A small boat overloaded with refugees fleeing the destruction of their homes in Fallujah has been rescued from the waters off Sri Lanka. More "boat people" can be expected to make the hazardous journey from Iraq in the coming weeks, as rumors of tens of millions of dollars of emergency aid to be sent to regions devastated by this week's earthquake filter through to the growing refugee population in that war torn country.

The 1,243 men, women, and children rescued from a small riverboat with a makeshift sail that was foundering in the harbor of Kokkilai on the devastated northeast coast of the island nation, are being held in a refugee camp once reserved for captured Tamil Tiger rebels while the Indian government processes their requests for political asylum. In order to avoid deportation, they will need to prove to Indian authorities that they will face political persecution, if they return to their country of origin.

“We have to think of the millions of Indians who have had their normally comfortable lives devastated for the first time in recent memory by natural disasters, for whom the current wave of generosity from our friends in the international community is intended, before allowing merely economic refugees to make an end run around our immigration laws,” a statement from New Delhi said.

President Bush was forced to backtrack from an earlier statement that “those who attempt to flee from justice and freedom to caves in Afghanistan or rogue nations or anywhere else will be tracked down and implanted with computer chips.” Just-about-out-the-door Secretary of State Colin Powell yesterday told the UN that the president was only referring to “Iraqis who conceivably could be thought of as potential terrorists or enemies of the United States,” and he vowed that the refugee problem would be left up to the individual nations involved to deal with.

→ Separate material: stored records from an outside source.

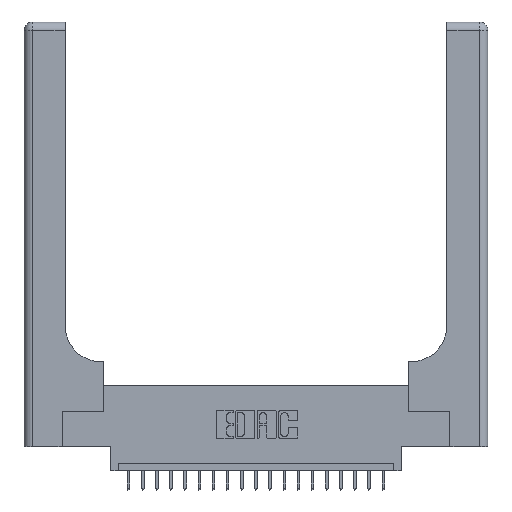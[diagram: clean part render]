
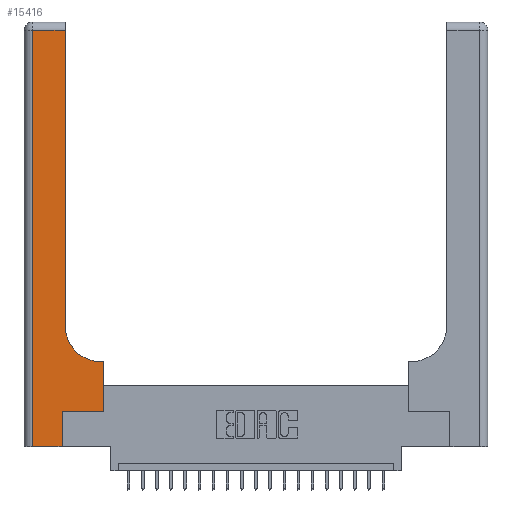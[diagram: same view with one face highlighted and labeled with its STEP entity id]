
A CAD part, top view. The second image highlights one B-rep face of the part: STEP entity #15416.
In plain terms, the highlighted planar face has unit normal (0, 0, 1).
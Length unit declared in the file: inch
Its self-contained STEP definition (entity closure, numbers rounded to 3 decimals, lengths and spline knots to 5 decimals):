
#420 = EDGE_CURVE ( 'NONE', #4806, #21667, #10014, .T. ) ;
#990 = LINE ( 'NONE', #16953, #20774 ) ;
#1192 = DIRECTION ( 'NONE',  ( 1., 0., 0. ) ) ;
#1269 = CARTESIAN_POINT ( 'NONE',  ( 0., 2.94, 0.37 ) ) ;
#1526 = EDGE_CURVE ( 'NONE', #18073, #8021, #10538, .T. ) ;
#2270 = EDGE_CURVE ( 'NONE', #6893, #18073, #12848, .T. ) ;
#2348 = CARTESIAN_POINT ( 'NONE',  ( 0.2915, 0.6, 0.37 ) ) ;
#2492 = CARTESIAN_POINT ( 'NONE',  ( 0.5415, 0.85, 0.37 ) ) ;
#3343 = VERTEX_POINT ( 'NONE', #15106 ) ;
#3503 = CARTESIAN_POINT ( 'NONE',  ( 0.2915, 0.85, 0.37 ) ) ;
#3510 = VECTOR ( 'NONE', #1192, 39.37008 ) ;
#3610 = EDGE_CURVE ( 'NONE', #8021, #3343, #20542, .T. ) ;
#4106 = LINE ( 'NONE', #2348, #8338 ) ;
#4485 = ORIENTED_EDGE ( 'NONE', *, *, #3610, .T. ) ;
#4537 = PLANE ( 'NONE',  #12031 ) ;
#4662 = CARTESIAN_POINT ( 'NONE',  ( 0.269, 0.25, 0.37 ) ) ;
#4806 = VERTEX_POINT ( 'NONE', #20646 ) ;
#4841 = CARTESIAN_POINT ( 'NONE',  ( 0.5585, 0.25, 0.37 ) ) ;
#4969 = DIRECTION ( 'NONE',  ( 0., 1., 0. ) ) ;
#6226 = EDGE_CURVE ( 'NONE', #14098, #19543, #8152, .T. ) ;
#6893 = VERTEX_POINT ( 'NONE', #14250 ) ;
#6905 = DIRECTION ( 'NONE',  ( 0., 1., 0. ) ) ;
#7022 = LINE ( 'NONE', #15938, #9841 ) ;
#8021 = VERTEX_POINT ( 'NONE', #22591 ) ;
#8152 = LINE ( 'NONE', #4662, #22278 ) ;
#8338 = VECTOR ( 'NONE', #20585, 39.37008 ) ;
#8389 = CARTESIAN_POINT ( 'NONE',  ( 0., 0., 0.37 ) ) ;
#9543 = DIRECTION ( 'NONE',  ( 0., 0., -1. ) ) ;
#9591 = DIRECTION ( 'NONE',  ( 1., 0., 0. ) ) ;
#9686 = DIRECTION ( 'NONE',  ( 0., -1., 0. ) ) ;
#9743 = EDGE_CURVE ( 'NONE', #19543, #21679, #20638, .T. ) ;
#9841 = VECTOR ( 'NONE', #6905, 39.37008 ) ;
#10014 = LINE ( 'NONE', #8389, #3510 ) ;
#10538 = LINE ( 'NONE', #17544, #18632 ) ;
#10659 = ORIENTED_EDGE ( 'NONE', *, *, #9743, .T. ) ;
#11646 = CARTESIAN_POINT ( 'NONE',  ( 0., 3., 0.37 ) ) ;
#12031 = AXIS2_PLACEMENT_3D ( 'NONE', #11646, #9543, #14869 ) ;
#12848 = CIRCLE ( 'NONE', #15783, 0.25 ) ;
#13038 = ORIENTED_EDGE ( 'NONE', *, *, #1526, .T. ) ;
#13217 = CARTESIAN_POINT ( 'NONE',  ( 0.269, 0., 0.37 ) ) ;
#13390 = FACE_OUTER_BOUND ( 'NONE', #16989, .T. ) ;
#13421 = CARTESIAN_POINT ( 'NONE',  ( 0.269, 0.25, 0.37 ) ) ;
#13958 = ORIENTED_EDGE ( 'NONE', *, *, #16339, .T. ) ;
#14098 = VERTEX_POINT ( 'NONE', #13421 ) ;
#14113 = EDGE_CURVE ( 'NONE', #3343, #4806, #990, .T. ) ;
#14144 = DIRECTION ( 'NONE',  ( 0., 1., 0. ) ) ;
#14250 = CARTESIAN_POINT ( 'NONE',  ( 0.5415, 0.6, 0.37 ) ) ;
#14839 = ORIENTED_EDGE ( 'NONE', *, *, #6226, .T. ) ;
#14869 = DIRECTION ( 'NONE',  ( -1., 0., 0. ) ) ;
#14998 = ORIENTED_EDGE ( 'NONE', *, *, #2270, .T. ) ;
#15038 = CARTESIAN_POINT ( 'NONE',  ( 0.5585, 0.6, 0.37 ) ) ;
#15106 = CARTESIAN_POINT ( 'NONE',  ( 0.06, 2.94, 0.37 ) ) ;
#15262 = DIRECTION ( 'NONE',  ( 0., 0., -1. ) ) ;
#15416 = ADVANCED_FACE ( 'NONE', ( #13390 ), #4537, .F. ) ;
#15483 = ORIENTED_EDGE ( 'NONE', *, *, #14113, .T. ) ;
#15522 = CARTESIAN_POINT ( 'NONE',  ( 0.5585, 0.25, 0.37 ) ) ;
#15620 = VECTOR ( 'NONE', #16786, 39.37008 ) ;
#15783 = AXIS2_PLACEMENT_3D ( 'NONE', #2492, #15262, #9591 ) ;
#15802 = ORIENTED_EDGE ( 'NONE', *, *, #16119, .T. ) ;
#15938 = CARTESIAN_POINT ( 'NONE',  ( 0.269, 0., 0.37 ) ) ;
#16119 = EDGE_CURVE ( 'NONE', #21667, #14098, #7022, .T. ) ;
#16339 = EDGE_CURVE ( 'NONE', #21679, #6893, #4106, .T. ) ;
#16786 = DIRECTION ( 'NONE',  ( -1., 0., 0. ) ) ;
#16953 = CARTESIAN_POINT ( 'NONE',  ( 0.06, 3., 0.37 ) ) ;
#16989 = EDGE_LOOP ( 'NONE', ( #13038, #4485, #15483, #20317, #15802, #14839, #10659, #13958, #14998 ) ) ;
#17544 = CARTESIAN_POINT ( 'NONE',  ( 0.2915, 3., 0.37 ) ) ;
#18073 = VERTEX_POINT ( 'NONE', #3503 ) ;
#18632 = VECTOR ( 'NONE', #14144, 39.37008 ) ;
#19543 = VERTEX_POINT ( 'NONE', #4841 ) ;
#20317 = ORIENTED_EDGE ( 'NONE', *, *, #420, .T. ) ;
#20542 = LINE ( 'NONE', #1269, #15620 ) ;
#20585 = DIRECTION ( 'NONE',  ( -1., 0., 0. ) ) ;
#20638 = LINE ( 'NONE', #15522, #20883 ) ;
#20646 = CARTESIAN_POINT ( 'NONE',  ( 0.06, 0., 0.37 ) ) ;
#20774 = VECTOR ( 'NONE', #9686, 39.37008 ) ;
#20883 = VECTOR ( 'NONE', #4969, 39.37008 ) ;
#21667 = VERTEX_POINT ( 'NONE', #13217 ) ;
#21679 = VERTEX_POINT ( 'NONE', #15038 ) ;
#22278 = VECTOR ( 'NONE', #22310, 39.37008 ) ;
#22310 = DIRECTION ( 'NONE',  ( 1., 0., 0. ) ) ;
#22591 = CARTESIAN_POINT ( 'NONE',  ( 0.2915, 2.94, 0.37 ) ) ;

He warned the Indian government, however, that the desire to help the needy by rescuing foundering boatloads of illegal immigrants would not be allowed to interfere with security concerns incurred by the presence of US aid workers. “Terrorist elements,” Powell said, “would immediately exploit any such signs of an increasingly porous border. We have intelligence that terrorists have gained access to ships and other secure locations by pretending to drown with a bunch of women and children. America is not about to stand by and allow that to happen,” Powell said.

Some conservatives in the Indian government are claiming that the boat people are merely using the war as an excuse to seek a better life in northeastern Sri Lanka, where international aid and assistance is steadily raising living standards. They point out, however, that hundreds of thousands of Indians have had their homes leveled, and an immanent threat of epidemic hangs over the region. “Essential water delivery and sewage disposal systems are destroyed, and the entire infrastructure including the electrical grid is still in disarray.”

Currently, even in the best neighborhoods of Colombo, there is only twelve hours of electricity per day, and this only intermittently. Most areas of the capitol have between six and eight hours of power per 24 hours. Gasoline also has become scarce owing to disrupted pipelines.

Bechtel Group Inc., a US contractor, has volunteered to accept a contract to reconstruct the region’s devastated infrastructure, but this project could take weeks and cost India billions and billions of dollars. If the trickle of Iraqis seeking greater opportunity abroad becomes a flood after the liberation of more Iraqi cities, the project can be expected to go over budget. In addition to the four million dollars of direct aid with plenty more in the mail, Powell said the US would contribute to reconstruction efforts by providing bodyguards for Bechtel executives working in the region.

When we called Bechtel to inquire about the estimated time span of the reconstruction project, a spokeswoman told us that they had to send for parts to Italy and Germany, “which should be here any day now.” But she added that “the security situation created by unidentified boats recently spotted in the region has made it more difficult to get these imported.”